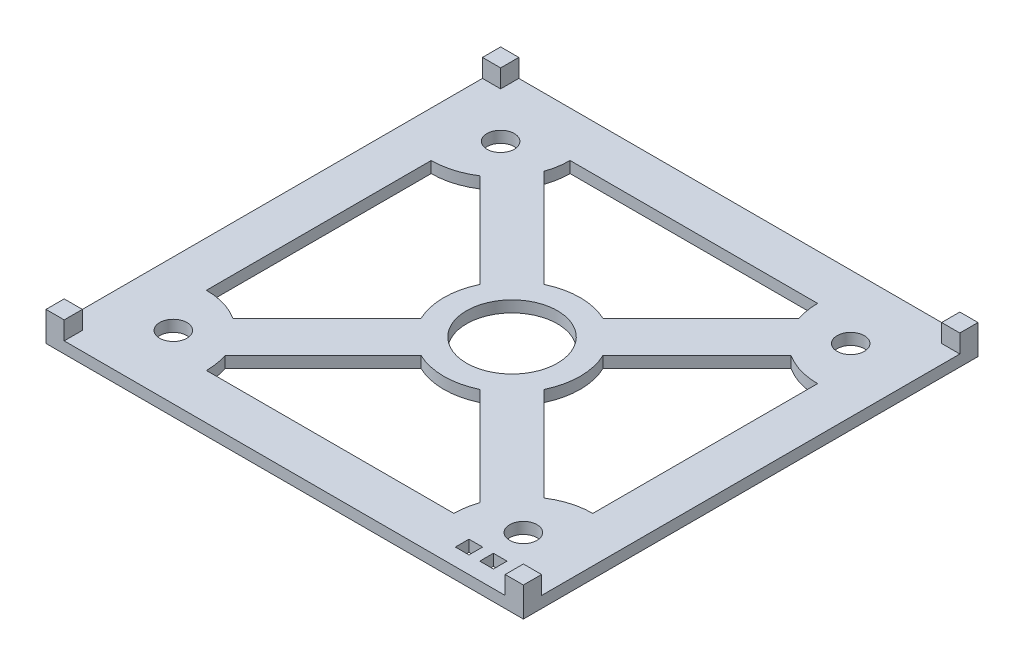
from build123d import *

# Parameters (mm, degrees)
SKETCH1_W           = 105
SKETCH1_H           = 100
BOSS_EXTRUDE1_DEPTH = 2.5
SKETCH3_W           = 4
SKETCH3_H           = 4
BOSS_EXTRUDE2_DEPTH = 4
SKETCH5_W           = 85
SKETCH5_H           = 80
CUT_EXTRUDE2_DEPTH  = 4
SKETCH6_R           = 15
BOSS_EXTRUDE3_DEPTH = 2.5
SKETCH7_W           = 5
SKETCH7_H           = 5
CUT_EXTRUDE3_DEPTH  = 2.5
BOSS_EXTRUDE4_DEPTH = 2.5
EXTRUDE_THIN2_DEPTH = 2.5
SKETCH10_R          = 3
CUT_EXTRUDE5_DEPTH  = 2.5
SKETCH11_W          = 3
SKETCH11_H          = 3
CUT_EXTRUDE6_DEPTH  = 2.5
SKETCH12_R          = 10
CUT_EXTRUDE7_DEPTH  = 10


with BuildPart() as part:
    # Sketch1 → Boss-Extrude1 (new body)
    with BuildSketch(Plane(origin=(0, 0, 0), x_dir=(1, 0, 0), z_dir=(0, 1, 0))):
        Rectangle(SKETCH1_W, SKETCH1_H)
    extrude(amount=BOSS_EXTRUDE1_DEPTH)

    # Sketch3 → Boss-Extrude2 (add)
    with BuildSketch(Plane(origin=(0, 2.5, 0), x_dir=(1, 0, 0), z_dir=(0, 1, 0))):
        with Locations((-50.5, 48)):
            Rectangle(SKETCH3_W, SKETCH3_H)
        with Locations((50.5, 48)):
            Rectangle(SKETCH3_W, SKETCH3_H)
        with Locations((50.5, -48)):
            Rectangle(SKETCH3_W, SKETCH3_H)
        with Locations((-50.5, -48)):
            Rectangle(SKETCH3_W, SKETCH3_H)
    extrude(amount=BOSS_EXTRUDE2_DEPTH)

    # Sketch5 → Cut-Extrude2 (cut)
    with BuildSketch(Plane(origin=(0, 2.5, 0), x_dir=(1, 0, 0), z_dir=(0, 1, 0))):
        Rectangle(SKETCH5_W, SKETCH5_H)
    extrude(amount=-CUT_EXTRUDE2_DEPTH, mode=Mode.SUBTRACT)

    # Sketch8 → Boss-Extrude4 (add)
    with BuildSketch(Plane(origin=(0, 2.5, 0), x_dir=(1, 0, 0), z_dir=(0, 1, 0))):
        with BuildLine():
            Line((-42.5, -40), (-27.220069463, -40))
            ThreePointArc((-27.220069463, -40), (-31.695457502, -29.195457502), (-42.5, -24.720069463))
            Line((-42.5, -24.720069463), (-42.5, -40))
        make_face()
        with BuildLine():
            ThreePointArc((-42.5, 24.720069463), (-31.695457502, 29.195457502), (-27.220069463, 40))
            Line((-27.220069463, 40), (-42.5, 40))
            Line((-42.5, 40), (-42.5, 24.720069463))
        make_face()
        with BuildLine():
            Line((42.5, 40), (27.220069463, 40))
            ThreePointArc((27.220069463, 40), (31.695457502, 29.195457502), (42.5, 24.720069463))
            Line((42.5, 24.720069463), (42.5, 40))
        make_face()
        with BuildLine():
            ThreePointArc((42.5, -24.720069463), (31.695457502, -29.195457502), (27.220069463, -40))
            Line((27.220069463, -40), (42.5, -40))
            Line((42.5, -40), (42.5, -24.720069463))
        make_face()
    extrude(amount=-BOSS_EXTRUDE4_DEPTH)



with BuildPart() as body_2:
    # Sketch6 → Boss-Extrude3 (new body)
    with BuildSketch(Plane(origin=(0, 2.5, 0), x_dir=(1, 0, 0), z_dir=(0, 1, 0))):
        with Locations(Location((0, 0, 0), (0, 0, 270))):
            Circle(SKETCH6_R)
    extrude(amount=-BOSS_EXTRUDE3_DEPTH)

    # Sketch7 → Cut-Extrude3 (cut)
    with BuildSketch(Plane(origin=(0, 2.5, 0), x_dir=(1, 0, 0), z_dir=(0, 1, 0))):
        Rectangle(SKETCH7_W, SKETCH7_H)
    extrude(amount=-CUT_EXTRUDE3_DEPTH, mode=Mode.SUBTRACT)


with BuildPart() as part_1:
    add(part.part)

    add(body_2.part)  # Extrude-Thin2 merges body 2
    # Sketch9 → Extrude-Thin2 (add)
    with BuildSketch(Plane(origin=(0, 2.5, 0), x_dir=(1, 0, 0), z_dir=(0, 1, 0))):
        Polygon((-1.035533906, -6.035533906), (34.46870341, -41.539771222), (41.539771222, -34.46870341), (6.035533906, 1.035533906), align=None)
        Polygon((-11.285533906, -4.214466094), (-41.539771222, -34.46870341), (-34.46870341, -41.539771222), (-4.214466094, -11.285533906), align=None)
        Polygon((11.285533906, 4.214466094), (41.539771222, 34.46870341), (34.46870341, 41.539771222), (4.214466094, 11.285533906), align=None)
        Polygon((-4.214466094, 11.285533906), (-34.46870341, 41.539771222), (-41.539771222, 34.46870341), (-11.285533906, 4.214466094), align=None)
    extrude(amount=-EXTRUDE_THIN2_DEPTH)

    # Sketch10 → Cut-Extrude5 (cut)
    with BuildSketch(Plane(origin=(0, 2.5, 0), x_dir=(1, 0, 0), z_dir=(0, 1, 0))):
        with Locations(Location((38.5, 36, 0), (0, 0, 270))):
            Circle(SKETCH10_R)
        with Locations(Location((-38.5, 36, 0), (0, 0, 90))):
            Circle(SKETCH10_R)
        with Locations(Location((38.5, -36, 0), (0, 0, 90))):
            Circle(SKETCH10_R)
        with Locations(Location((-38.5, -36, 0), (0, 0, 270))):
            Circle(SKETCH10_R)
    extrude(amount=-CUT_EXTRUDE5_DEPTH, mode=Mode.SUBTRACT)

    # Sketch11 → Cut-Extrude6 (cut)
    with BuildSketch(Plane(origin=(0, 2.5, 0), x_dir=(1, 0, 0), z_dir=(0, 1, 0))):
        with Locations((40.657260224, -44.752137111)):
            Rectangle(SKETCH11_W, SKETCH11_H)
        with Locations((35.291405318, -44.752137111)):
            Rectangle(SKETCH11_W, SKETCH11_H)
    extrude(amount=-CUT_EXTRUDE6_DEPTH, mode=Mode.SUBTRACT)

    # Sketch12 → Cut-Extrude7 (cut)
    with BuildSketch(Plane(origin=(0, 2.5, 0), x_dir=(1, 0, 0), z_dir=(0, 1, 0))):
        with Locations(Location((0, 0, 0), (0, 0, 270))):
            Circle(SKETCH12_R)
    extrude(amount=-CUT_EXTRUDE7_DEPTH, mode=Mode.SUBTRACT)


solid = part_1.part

### [TO DO]
The answer must consist of every line from the entries above that contains the string "BuildPart".

### [REPLY]
with BuildPart() as part:
with BuildPart() as body_2:
with BuildPart() as part_1:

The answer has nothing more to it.